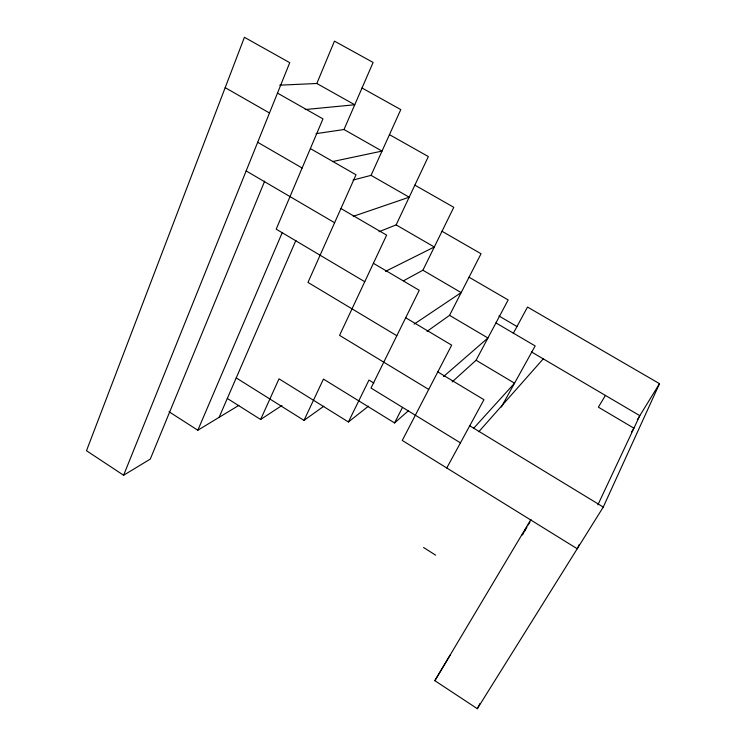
<?xml version="1.0" encoding="UTF-8"?>
<svg xmlns="http://www.w3.org/2000/svg" width="746" height="746" viewBox="0 0 746 746"><rect width="100%" height="100%" fill="white"/><g stroke="black" fill="none" stroke-linecap="round" stroke-linejoin="round"><path stroke-width="1.12" d="M123.612 475.239L289.737 62.683L244.418 37.3L86.489 450.733L123.612 475.239L150.291 459.07L264.662 181.157M279.703 85.175L316.826 83.487L334.45 41.133L373.112 62.44L343.999 129.524L316.034 133.655M169.034 411.755L197.83 430.237L282.324 232.426M219.11 417.34L295.901 240.371M227.316 398.448L260.624 419.494L279.013 378.828L348.401 421.975L368.496 406.15M353.045 180.075L371.051 175.357L400.788 109.606L362.024 88M530.975 519.421L434.853 680.669L477.328 708.7L603.272 507.066L659.511 383.668L527.525 307.054L513.248 333.415M579.194 544.599L577.236 548.758L402.271 440.448L451.675 345.156L405.693 317.759M597.882 504.846L639.807 415.662L531.534 351.963M236.221 377.905L303.995 420.38L323.456 379.089L394.55 422.935L408.538 410.654M379.005 231.726L396.135 224.891L428.344 156.557L389.459 134.653M348.401 421.975L368.972 380.068L373.867 383.052M403.661 280.701L422.907 270.22L453.782 207.313L414.869 185.139M477.328 708.7L479.967 703.515M394.55 422.935L402.504 407.381M427.001 331.401L449.549 315.344L481.039 253.743L442.024 231.279M452.123 381.933L476.079 360.253L508.166 299.948L469.038 277.204M446.761 467.984L483.94 399.707L437.799 371.918M501.349 407.008L535.171 345.939L495.941 322.915M527.002 526.984L522.247 534.975L523.347 533.157M528.196 524.988L529.977 521.995M434.853 680.669L450.23 655.044M524.494 531.255L525.632 529.343M605.426 395.436L598.367 407.167L633.923 428.185L631.489 432.139M637.364 419.634L659.511 383.668M478.82 431.729L543.256 358.863M473.579 428.363L514.544 383.183L476.079 360.253M443.516 376.571L487.921 337.994L449.549 315.344M303.995 420.38L323.829 406.206M414.114 324.137L461.168 292.6L422.907 270.22M260.624 419.494L281.941 405.498M197.83 430.237L238.86 405.367M385.514 271.358L434.303 247.001L396.135 224.891M353.25 216.34L409.19 197.196L371.051 175.357M332.511 161.574L382.027 151.093L343.999 129.524M305.198 109.55L354.742 104.766L316.826 83.487M277.484 93.101L322.962 118.894L276.197 229.162L364.757 281.718M225.189 87.655L269.474 112.991M310.364 148.585L356.001 174.797L307.967 282.408L396.825 335.728M257.687 142.281L302.13 168.009M340.941 208.535L386.624 235.139L339.57 335.364L428.717 389.44M498.962 315.978L516.978 326.524M246.152 170.918L334.609 222.728M373.401 263.301L419.243 290.297L371.004 388.041L460.441 442.854M469.738 425.789L603.272 507.066M423.569 547.489L435.636 555.173"/></g></svg>
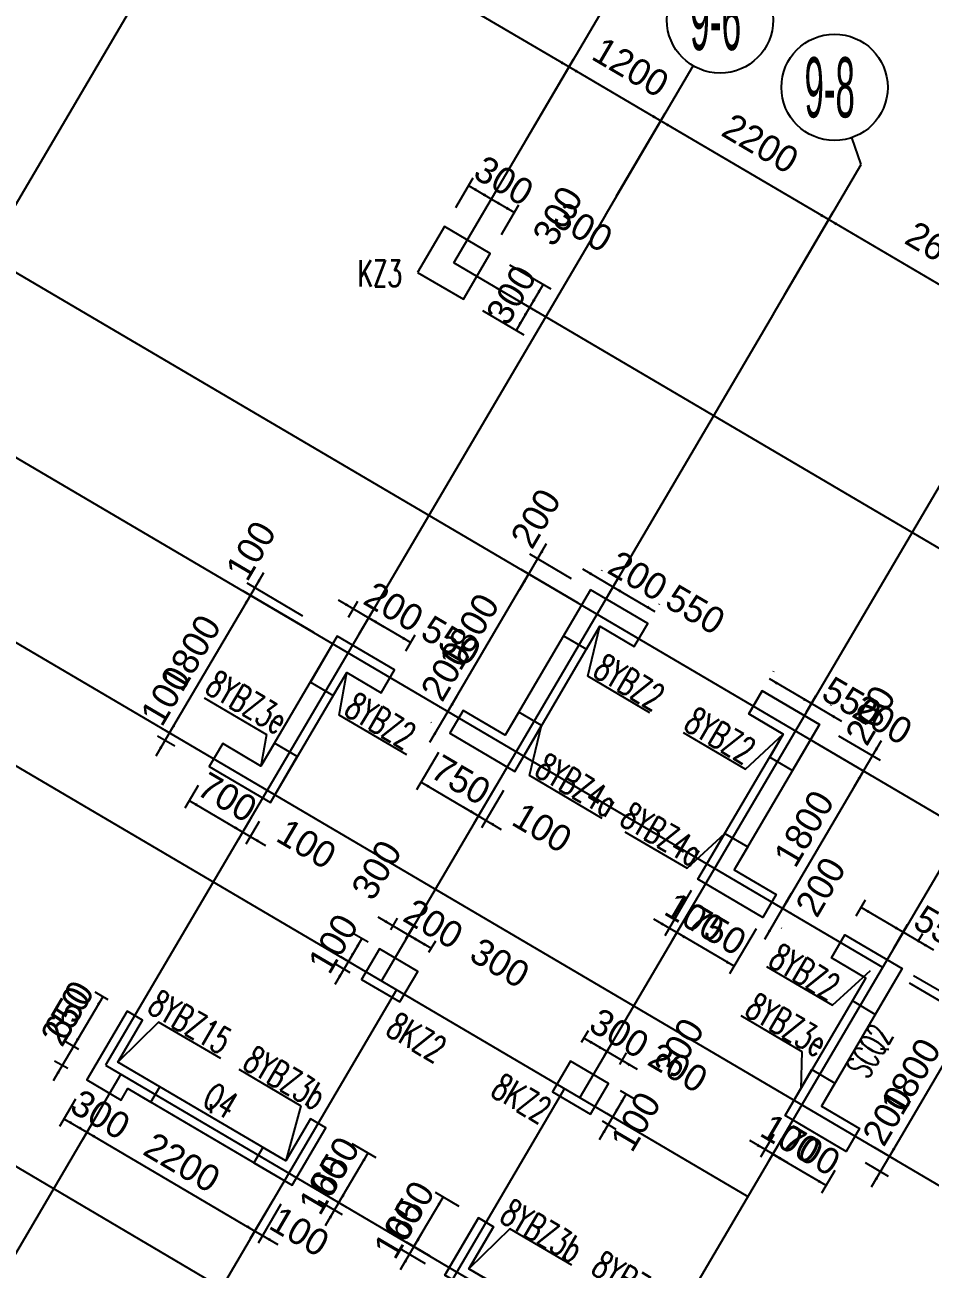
# Model space of a CAD drawing. Extents: x 19107 to 699106, y -67310 to 245688.
# Drawn here: x 596209 to 606430, y 127219 to 141263 of the extents above; entities that cross this region are included whole.
import ezdxf

# ---------------------------------------------------------------- set-up
doc = ezdxf.new("R2010")
doc.units = 0
doc.header["$LTSCALE"] = 100
doc.header["$MEASUREMENT"] = 0
for name, color, linetype in [('AXIS', 3, 'Continuous'), ('b边缘构件', 235, 'Continuous'), ('COLU', 7, 'Continuous'), ('colu-主楼', 7, 'Continuous'), ('DIM', 3, 'Continuous'), ('DOTE', 253, 'Continuous'), ('L-AXIS', 3, 'Continuous'), ('NUM', 7, 'Continuous'), ('Q-TEXT', 2, 'Continuous'), ('wall-主楼', 2, 'Continuous'), ('剪力墙身标注', 7, 'Continuous'), ('小尺寸', 4, 'Continuous'), ('边缘构件标注', 1, 'Continuous')]:
    doc.layers.add(name, color=color, linetype=linetype)
doc.layers.add('配箍校核', color=2, linetype='ByLayer', lineweight=18)
doc.styles.add('hztxt', font='hztxt')
doc.styles.get("Standard").update_dxf_attribs({"font": 'standard'})
doc.dimstyles.get("Standard").update_dxf_attribs({"dimtxt": 300, "dimasz": 100, "dimexe": 100, "dimexo": 250, "dimgap": 100, "dimtad": 0, "dimtoh": 1, "dimdec": 0, "dimdsep": 46, "dimcen": 0.09, "dimclrt": 7, "dimadec": 0, "dimazin": 0, "dimtfac": 1, "dimtdec": 4, "dimtofl": 0, "dimtmove": 0, "dimatfit": 3, "dimfxl": 1, "dimtolj": 1, "dimtzin": 0, "dimarcsym": 0})

# ---------------------------------------------------------------- blocks, each defined once
blk = doc.blocks.new('*D3484')
at = {"layer": 'L-AXIS', "color": 0, "linetype": 'ByBlock', "lineweight": -2}
for p, q in [((604786, 138216), (605336, 139151)), ((605285, 139065), (607526, 137747)), ((607028, 136899), (607577, 137833))]:
    blk.add_line(p, q, dxfattribs=at)
for points in [[(605285, 139065), (605380, 139028), (605363, 138999)], [(607526, 137747), (607432, 137783), (607448, 137812)]]:
    blk.add_solid(points, dxfattribs=at)
at = {"layer": 'L-AXIS', "color": 7, "linetype": 'Continuous', "lineweight": -2, "insert": (606583, 138707), "char_height": 300, "width": 775, "attachment_point": 5, "rotation": 329.5454, "style": 'hztxt'}
blk.add_mtext('2600', dxfattribs=at)
blk = doc.blocks.new('*D3103')
at = {"layer": 'L-AXIS', "color": 0, "linetype": 'ByBlock', "lineweight": -2}
for p, q in [((602890, 139332), (603439, 140266)), ((603388, 140180), (605285, 139065)), ((604786, 138216), (605336, 139151))]:
    blk.add_line(p, q, dxfattribs=at)
for points in [[(603388, 140180), (603483, 140143), (603466, 140115)], [(605285, 139065), (605190, 139101), (605207, 139130)]]:
    blk.add_solid(points, dxfattribs=at)
at = {"layer": 'L-AXIS', "color": 7, "linetype": 'Continuous', "lineweight": -2, "insert": (604514, 139924), "char_height": 300, "width": 780, "attachment_point": 5, "rotation": 329.5454, "style": 'hztxt'}
blk.add_mtext('2200', dxfattribs=at)
blk = doc.blocks.new('*D4004')
at = {"layer": 'L-AXIS', "color": 0, "linetype": 'ByBlock', "lineweight": -2}
for p, q in [((601855, 139940), (602405, 140874)), ((602354, 140788), (603388, 140180)), ((602890, 139332), (603439, 140266))]:
    blk.add_line(p, q, dxfattribs=at)
for points in [[(602354, 140788), (602449, 140751), (602432, 140723)], [(603388, 140180), (603294, 140216), (603311, 140245)]]:
    blk.add_solid(points, dxfattribs=at)
at = {"layer": 'L-AXIS', "color": 7, "linetype": 'Continuous', "lineweight": -2, "insert": (603049, 140785), "char_height": 300, "width": 690, "attachment_point": 5, "rotation": 329.5454, "style": 'hztxt'}
blk.add_mtext('1200', dxfattribs=at)
blk = doc.blocks.new('*D3615')
at = {"layer": 'L-AXIS', "color": 0, "linetype": 'ByBlock', "lineweight": -2}
for p, q in [((597890, 142271), (598439, 143206)), ((598389, 143119), (602354, 140788)), ((601855, 139940), (602405, 140874))]:
    blk.add_line(p, q, dxfattribs=at)
for points in [[(598389, 143119), (598483, 143083), (598466, 143054)], [(602354, 140788), (602259, 140824), (602276, 140853)]]:
    blk.add_solid(points, dxfattribs=at)
at = {"layer": 'L-AXIS', "color": 7, "linetype": 'Continuous', "lineweight": -2, "insert": (600549, 142255), "char_height": 300, "width": 785, "attachment_point": 5, "rotation": 329.5454, "style": 'hztxt'}
blk.add_mtext('4600', dxfattribs=at)
blk = doc.blocks.new('_AXISO')
blk.add_circle((0, 0), 0.5)
blk = doc.blocks.new('*D4106')
at = {"layer": '小尺寸', "color": 0, "linetype": 'ByBlock', "lineweight": -2}
for p, q in [((599573, 128078), (599841, 127920)), ((599603, 127712), (599857, 128143)), ((599522, 127992), (599791, 127834))]:
    blk.add_line(p, q, dxfattribs=at)
for points in [[(599755, 127971), (599792, 128065), (599820, 128048)], [(599705, 127884), (599668, 127790), (599639, 127807)]]:
    blk.add_solid(points, dxfattribs=at)
at = {"layer": '小尺寸', "color": 7, "linetype": 'Continuous', "lineweight": -2, "insert": (599583, 128172), "char_height": 300, "width": 476.67, "attachment_point": 5, "rotation": 59.5454, "style": 'hztxt'}
blk.add_mtext('100', dxfattribs=at)
blk = doc.blocks.new('*D5075')
at = {"layer": '小尺寸', "color": 0, "linetype": 'ByBlock', "lineweight": -2}
for p, q in [((599902, 128638), (600171, 128480)), ((599755, 127971), (600085, 128531)), ((599573, 128078), (599841, 127920))]:
    blk.add_line(p, q, dxfattribs=at)
for points in [[(600085, 128531), (600048, 128436), (600020, 128453)], [(599755, 127971), (599792, 128065), (599820, 128048)]]:
    blk.add_solid(points, dxfattribs=at)
at = {"layer": '小尺寸', "color": 7, "linetype": 'Continuous', "lineweight": -2, "insert": (599704, 128378), "char_height": 300, "width": 556.67, "attachment_point": 5, "rotation": 59.5454, "style": 'hztxt'}
blk.add_mtext('650', dxfattribs=at)
blk = doc.blocks.new('*D4708')
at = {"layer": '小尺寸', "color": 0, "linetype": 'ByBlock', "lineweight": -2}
* * * * *
> **TASK DESCRIPTION**
Among the entries above, which lines include "insert"? List them all.

> **RESPONSE AREA**
at = {"layer": 'L-AXIS', "color": 7, "linetype": 'Continuous', "lineweight": -2, "insert": (606583, 138707), "char_height": 300, "width": 775, "attachment_point": 5, "rotation": 329.5454, "style": 'hztxt'}
at = {"layer": 'L-AXIS', "color": 7, "linetype": 'Continuous', "lineweight": -2, "insert": (604514, 139924), "char_height": 300, "width": 780, "attachment_point": 5, "rotation": 329.5454, "style": 'hztxt'}
at = {"layer": 'L-AXIS', "color": 7, "linetype": 'Continuous', "lineweight": -2, "insert": (603049, 140785), "char_height": 300, "width": 690, "attachment_point": 5, "rotation": 329.5454, "style": 'hztxt'}
at = {"layer": 'L-AXIS', "color": 7, "linetype": 'Continuous', "lineweight": -2, "insert": (600549, 142255), "char_height": 300, "width": 785, "attachment_point": 5, "rotation": 329.5454, "style": 'hztxt'}
at = {"layer": '小尺寸', "color": 7, "linetype": 'Continuous', "lineweight": -2, "insert": (599583, 128172), "char_height": 300, "width": 476.67, "attachment_point": 5, "rotation": 59.5454, "style": 'hztxt'}
at = {"layer": '小尺寸', "color": 7, "linetype": 'Continuous', "lineweight": -2, "insert": (599704, 128378), "char_height": 300, "width": 556.67, "attachment_point": 5, "rotation": 59.5454, "style": 'hztxt'}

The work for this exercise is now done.